**Work order**
Your answer must be the listing repeated word for word, without its pictures.

**Working data**
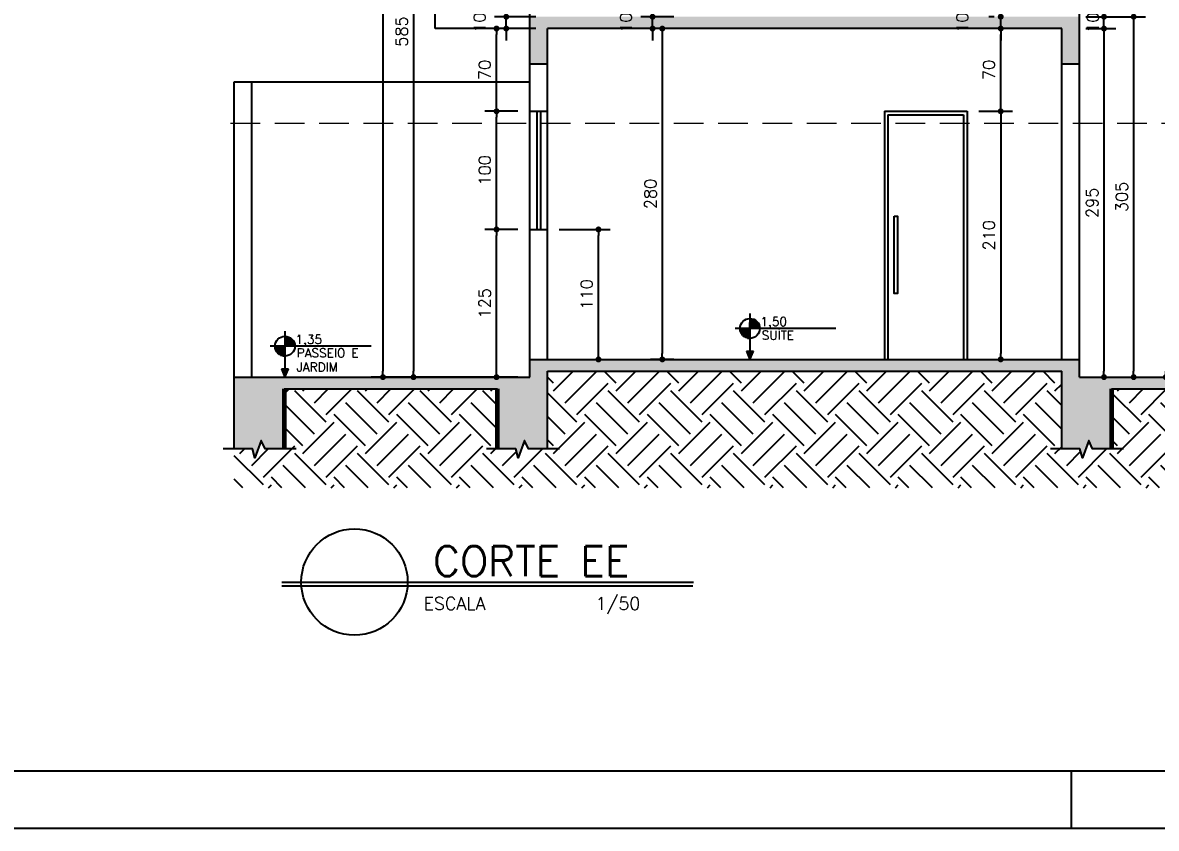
# Model space of a CAD drawing. Header units: inches. Extents: x 580771 to 672494, y 7715997 to 7829530.
# Drawn here: x 653922 to 654881, y 7720896 to 7721578 of the extents above; entities that cross this region are included whole.
import ezdxf

# ---------------------------------------------------------------- set-up
doc = ezdxf.new("R2010")
doc.units = ezdxf.units.IN
doc.header["$MEASUREMENT"] = 0
doc.header["$PDMODE"] = 2
doc.linetypes.add('DASHED2', pattern=[0.375, 0.25, -0.125])
for name, color, linetype in [('1-ARQ-A', 1, 'Continuous'), ('1-ARQ-B', 2, 'Continuous'), ('1-ARQ-D', 4, 'Continuous'), ('Block1', 1, 'Continuous'), ('NIVEL', 2, 'Continuous'), ('P01', 1, 'Continuous'), ('P02', 2, 'Continuous'), ('P06', 6, 'Continuous'), ('parede', 6, 'Continuous')]:
    doc.layers.add(name, color=color, linetype=linetype)
doc.layers.add('ARQ-06', color=6, linetype='Continuous', lineweight=60)
doc.layers.add('MEIO_FIO', color=7, linetype='Continuous', lineweight=0)
doc.styles.add('R80E50', font='romans.shx', dxfattribs={"height": 10})
doc.styles.add('ROMANS', font='romans', dxfattribs={"height": 0.2})
doc.dimstyles.new('ARQ50', dxfattribs={"dimscale": 50, "dimtxt": 10, "dimasz": 0.1, "dimexe": 0.2, "dimexo": 0.2, "dimgap": 0.1, "dimtad": 1, "dimdec": 0, "dimzin": 12, "dimdsep": 46, "dimtxsty": 'R80E50', "dimblk1": 'DOT', "dimblk2": 'DOT', "dimsah": 1, "dimcen": 0.4, "dimclrd": 15, "dimclre": 15, "dimclrt": 3, "dimadec": 0, "dimazin": 0, "dimtfac": 1, "dimtdec": 0, "dimtmove": 2, "dimatfit": 3, "dimldrblk": 'DOT', "dimfxl": 0.2, "dimtolj": 1, "dimtzin": 12, "dimarcsym": 0})
pattern_1 = [(50, (-26765.051, -31702.252), (14.345203652, -1.2550427), [1.5, -16.5]), (355, (-26765.05, -31702.252), (-2.775026672, 15.043842674), [1.2, -13.2]), (100.45144446, (-26763.855, -31702.357), (11.570176935, 13.78879982), [1.27480384, -14.02284224]), (46.1842, (-26765.05, -31698.252), (21.344826613, -3.310385616), [2.25, -24.75]), (96.6356355, (-26763.272, -31698.528), (18.693238913, 19.482372015), [1.91220684, -21.0342752]), (351.184164, (-26765.05, -31698.252), (18.6932389, 19.482372005), [1.8, -19.80000002]), (21, (-26763.051, -31699.252), (11.938141042, -8.052377813), [1.5, -16.5]), (326, (-26763.05, -31699.252), (4.866306638, 14.5030009), [1.2, -13.2]), (71.45144474, (-26762.056, -31699.923), (16.804447535, 6.450623056), [1.2748038, -14.02284224]), (37.5, (-26765.0506, -31702.252), (0.2431971063, 6.6578770766), [0, -13.04, 0, -13.4, 0, -13.25]), (7.5, (-26765.0506, -31702.252), (5.261390749, 7.8882342376), [0, -7.64, 0, -12.74, 0, -5.05]), (327.5, (-26769.5106, -31702.252), (10.6764487234, -0.4510974347), [0, -5, 0, -15.6, 0, -20.7]), (317.5, (-26771.511, -31702.252), (11.663723387, 2.002099647), [0, -6.5, 0, -10.36, 0, -14.7])]

# ---------------------------------------------------------------- blocks, each defined once
blk = doc.blocks.new('A0')
at = {"color": 0}
blk.add_lwpolyline([(2.5, 1), (2.5, 83.1), (117.9, 83.1), (117.9, 1)], close=True, dxfattribs=at)
at = {"layer": 'P02'}
blk.add_lwpolyline([(0, 0), (0, 84.1), (118.9, 84.1), (118.9, 0)], close=True, dxfattribs=at)
blk.add_lwpolyline([(81.9, 1), (81.9, 0)], dxfattribs=at)
blk = doc.blocks.new('*X32')
at = {"color": 0}
for p, q in [((-1683, 3892), (-1680, 3892)), ((-1680, 3888), (-1680, 3892.3)), ((-1679, 3888), (-1679, 3892)), ((-1678, 3888), (-1678, 3891.6)), ((-1677, 3888), (-1677, 3891.1)), ((-1695, 3880), (-1692, 3880)), ((-1694.9, 3879), (-1692, 3879)), ((-1694.7, 3878), (-1692, 3878)), ((-1692, 3876), (-1692, 3880.7)), ((-1691, 3876), (-1691, 3880.7)), ((-1690, 3876), (-1690, 3880.7)), ((-1689, 3876), (-1689, 3880.7)), ((-1688, 3876), (-1688, 3880.7)), ((-1687, 3876), (-1687, 3880.7)), ((-1686, 3876), (-1686, 3880.7)), ((-1686, 3880), (-1683, 3880)), ((-1686, 3879), (-1683, 3879)), ((-1686, 3878), (-1683, 3878)), ((-1683, 3891), (-1680, 3891)), ((-1683, 3890), (-1680, 3890)), ((-1683, 3889), (-1680, 3889)), ((-1683, 3882), (-1683, 3888)), ((-1683, 3888), (-1680, 3888)), ((-1683, 3882), (-1680, 3882)), ((-1683, 3881), (-1680, 3881)), ((-1682, 3882), (-1682, 3888)), ((-1681, 3882), (-1681, 3888)), ((-1680, 3882), (-1680, 3888)), ((-1680, 3888), (-1674, 3888)), ((-1680, 3887), (-1674, 3887)), ((-1680, 3886), (-1674, 3886)), ((-1680, 3885), (-1674, 3885)), ((-1680, 3884), (-1674, 3884)), ((-1680, 3883), (-1674, 3883)), ((-1680, 3880.7), (-1680, 3882)), ((-1680, 3882), (-1674, 3882)), ((-1679, 3880.7), (-1679, 3882)), ((-1678, 3880.7), (-1678, 3882)), ((-1677, 3880.7), (-1677, 3882)), ((-1676, 3888), (-1676, 3890.4)), ((-1676, 3880.7), (-1676, 3882)), ((-1675, 3888), (-1675, 3889.6)), ((-1675, 3880.7), (-1675, 3882)), ((-1674, 3888), (-1674, 3888.6)), ((-1674, 3882), (-1674, 3888)), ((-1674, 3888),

**Response area**
# Model space of a CAD drawing. Header units: inches. Extents: x 580771 to 672494, y 7715997 to 7829530.
# Drawn here: x 653922 to 654881, y 7720896 to 7721578 of the extents above; entities that cross this region are included whole.
import ezdxf

# ---------------------------------------------------------------- set-up
doc = ezdxf.new("R2010")
doc.units = ezdxf.units.IN
doc.header["$MEASUREMENT"] = 0
doc.header["$PDMODE"] = 2
doc.linetypes.add('DASHED2', pattern=[0.375, 0.25, -0.125])
for name, color, linetype in [('1-ARQ-A', 1, 'Continuous'), ('1-ARQ-B', 2, 'Continuous'), ('1-ARQ-D', 4, 'Continuous'), ('Block1', 1, 'Continuous'), ('NIVEL', 2, 'Continuous'), ('P01', 1, 'Continuous'), ('P02', 2, 'Continuous'), ('P06', 6, 'Continuous'), ('parede', 6, 'Continuous')]:
    doc.layers.add(name, color=color, linetype=linetype)
doc.layers.add('ARQ-06', color=6, linetype='Continuous', lineweight=60)
doc.layers.add('MEIO_FIO', color=7, linetype='Continuous', lineweight=0)
doc.styles.add('R80E50', font='romans.shx', dxfattribs={"height": 10})
doc.styles.add('ROMANS', font='romans', dxfattribs={"height": 0.2})
doc.dimstyles.new('ARQ50', dxfattribs={"dimscale": 50, "dimtxt": 10, "dimasz": 0.1, "dimexe": 0.2, "dimexo": 0.2, "dimgap": 0.1, "dimtad": 1, "dimdec": 0, "dimzin": 12, "dimdsep": 46, "dimtxsty": 'R80E50', "dimblk1": 'DOT', "dimblk2": 'DOT', "dimsah": 1, "dimcen": 0.4, "dimclrd": 15, "dimclre": 15, "dimclrt": 3, "dimadec": 0, "dimazin": 0, "dimtfac": 1, "dimtdec": 0, "dimtmove": 2, "dimatfit": 3, "dimldrblk": 'DOT', "dimfxl": 0.2, "dimtolj": 1, "dimtzin": 12, "dimarcsym": 0})
pattern_1 = [(50, (-26765.051, -31702.252), (14.345203652, -1.2550427), [1.5, -16.5]), (355, (-26765.05, -31702.252), (-2.775026672, 15.043842674), [1.2, -13.2]), (100.45144446, (-26763.855, -31702.357), (11.570176935, 13.78879982), [1.27480384, -14.02284224]), (46.1842, (-26765.05, -31698.252), (21.344826613, -3.310385616), [2.25, -24.75]), (96.6356355, (-26763.272, -31698.528), (18.693238913, 19.482372015), [1.91220684, -21.0342752]), (351.184164, (-26765.05, -31698.252), (18.6932389, 19.482372005), [1.8, -19.80000002]), (21, (-26763.051, -31699.252), (11.938141042, -8.052377813), [1.5, -16.5]), (326, (-26763.05, -31699.252), (4.866306638, 14.5030009), [1.2, -13.2]), (71.45144474, (-26762.056, -31699.923), (16.804447535, 6.450623056), [1.2748038, -14.02284224]), (37.5, (-26765.0506, -31702.252), (0.2431971063, 6.6578770766), [0, -13.04, 0, -13.4, 0, -13.25]), (7.5, (-26765.0506, -31702.252), (5.261390749, 7.8882342376), [0, -7.64, 0, -12.74, 0, -5.05]), (327.5, (-26769.5106, -31702.252), (10.6764487234, -0.4510974347), [0, -5, 0, -15.6, 0, -20.7]), (317.5, (-26771.511, -31702.252), (11.663723387, 2.002099647), [0, -6.5, 0, -10.36, 0, -14.7])]

# ---------------------------------------------------------------- blocks, each defined once
blk = doc.blocks.new('A0')
at = {"color": 0}
blk.add_lwpolyline([(2.5, 1), (2.5, 83.1), (117.9, 83.1), (117.9, 1)], close=True, dxfattribs=at)
at = {"layer": 'P02'}
blk.add_lwpolyline([(0, 0), (0, 84.1), (118.9, 84.1), (118.9, 0)], close=True, dxfattribs=at)
blk.add_lwpolyline([(81.9, 1), (81.9, 0)], dxfattribs=at)
blk = doc.blocks.new('*X32')
at = {"color": 0}
for p, q in [((-1683, 3892), (-1680, 3892)), ((-1680, 3888), (-1680, 3892.3)), ((-1679, 3888), (-1679, 3892)), ((-1678, 3888), (-1678, 3891.6)), ((-1677, 3888), (-1677, 3891.1)), ((-1695, 3880), (-1692, 3880)), ((-1694.9, 3879), (-1692, 3879)), ((-1694.7, 3878), (-1692, 3878)), ((-1692, 3876), (-1692, 3880.7)), ((-1691, 3876), (-1691, 3880.7)), ((-1690, 3876), (-1690, 3880.7)), ((-1689, 3876), (-1689, 3880.7)), ((-1688, 3876), (-1688, 3880.7)), ((-1687, 3876), (-1687, 3880.7)), ((-1686, 3876), (-1686, 3880.7)), ((-1686, 3880), (-1683, 3880)), ((-1686, 3879), (-1683, 3879)), ((-1686, 3878), (-1683, 3878)), ((-1683, 3891), (-1680, 3891)), ((-1683, 3890), (-1680, 3890)), ((-1683, 3889), (-1680, 3889)), ((-1683, 3882), (-1683, 3888)), ((-1683, 3888), (-1680, 3888)), ((-1683, 3882), (-1680, 3882)), ((-1683, 3881), (-1680, 3881)), ((-1682, 3882), (-1682, 3888)), ((-1681, 3882), (-1681, 3888)), ((-1680, 3882), (-1680, 3888)), ((-1680, 3888), (-1674, 3888)), ((-1680, 3887), (-1674, 3887)), ((-1680, 3886), (-1674, 3886)), ((-1680, 3885), (-1674, 3885)), ((-1680, 3884), (-1674, 3884)), ((-1680, 3883), (-1674, 3883)), ((-1680, 3880.7), (-1680, 3882)), ((-1680, 3882), (-1674, 3882)), ((-1679, 3880.7), (-1679, 3882)), ((-1678, 3880.7), (-1678, 3882)), ((-1677, 3880.7), (-1677, 3882)), ((-1676, 3888), (-1676, 3890.4)), ((-1676, 3880.7), (-1676, 3882)), ((-1675, 3888), (-1675, 3889.6)), ((-1675, 3880.7), (-1675, 3882)), ((-1674, 3888), (-1674, 3888.6)), ((-1674, 3882), (-1674, 3888)), ((-1674, 3888),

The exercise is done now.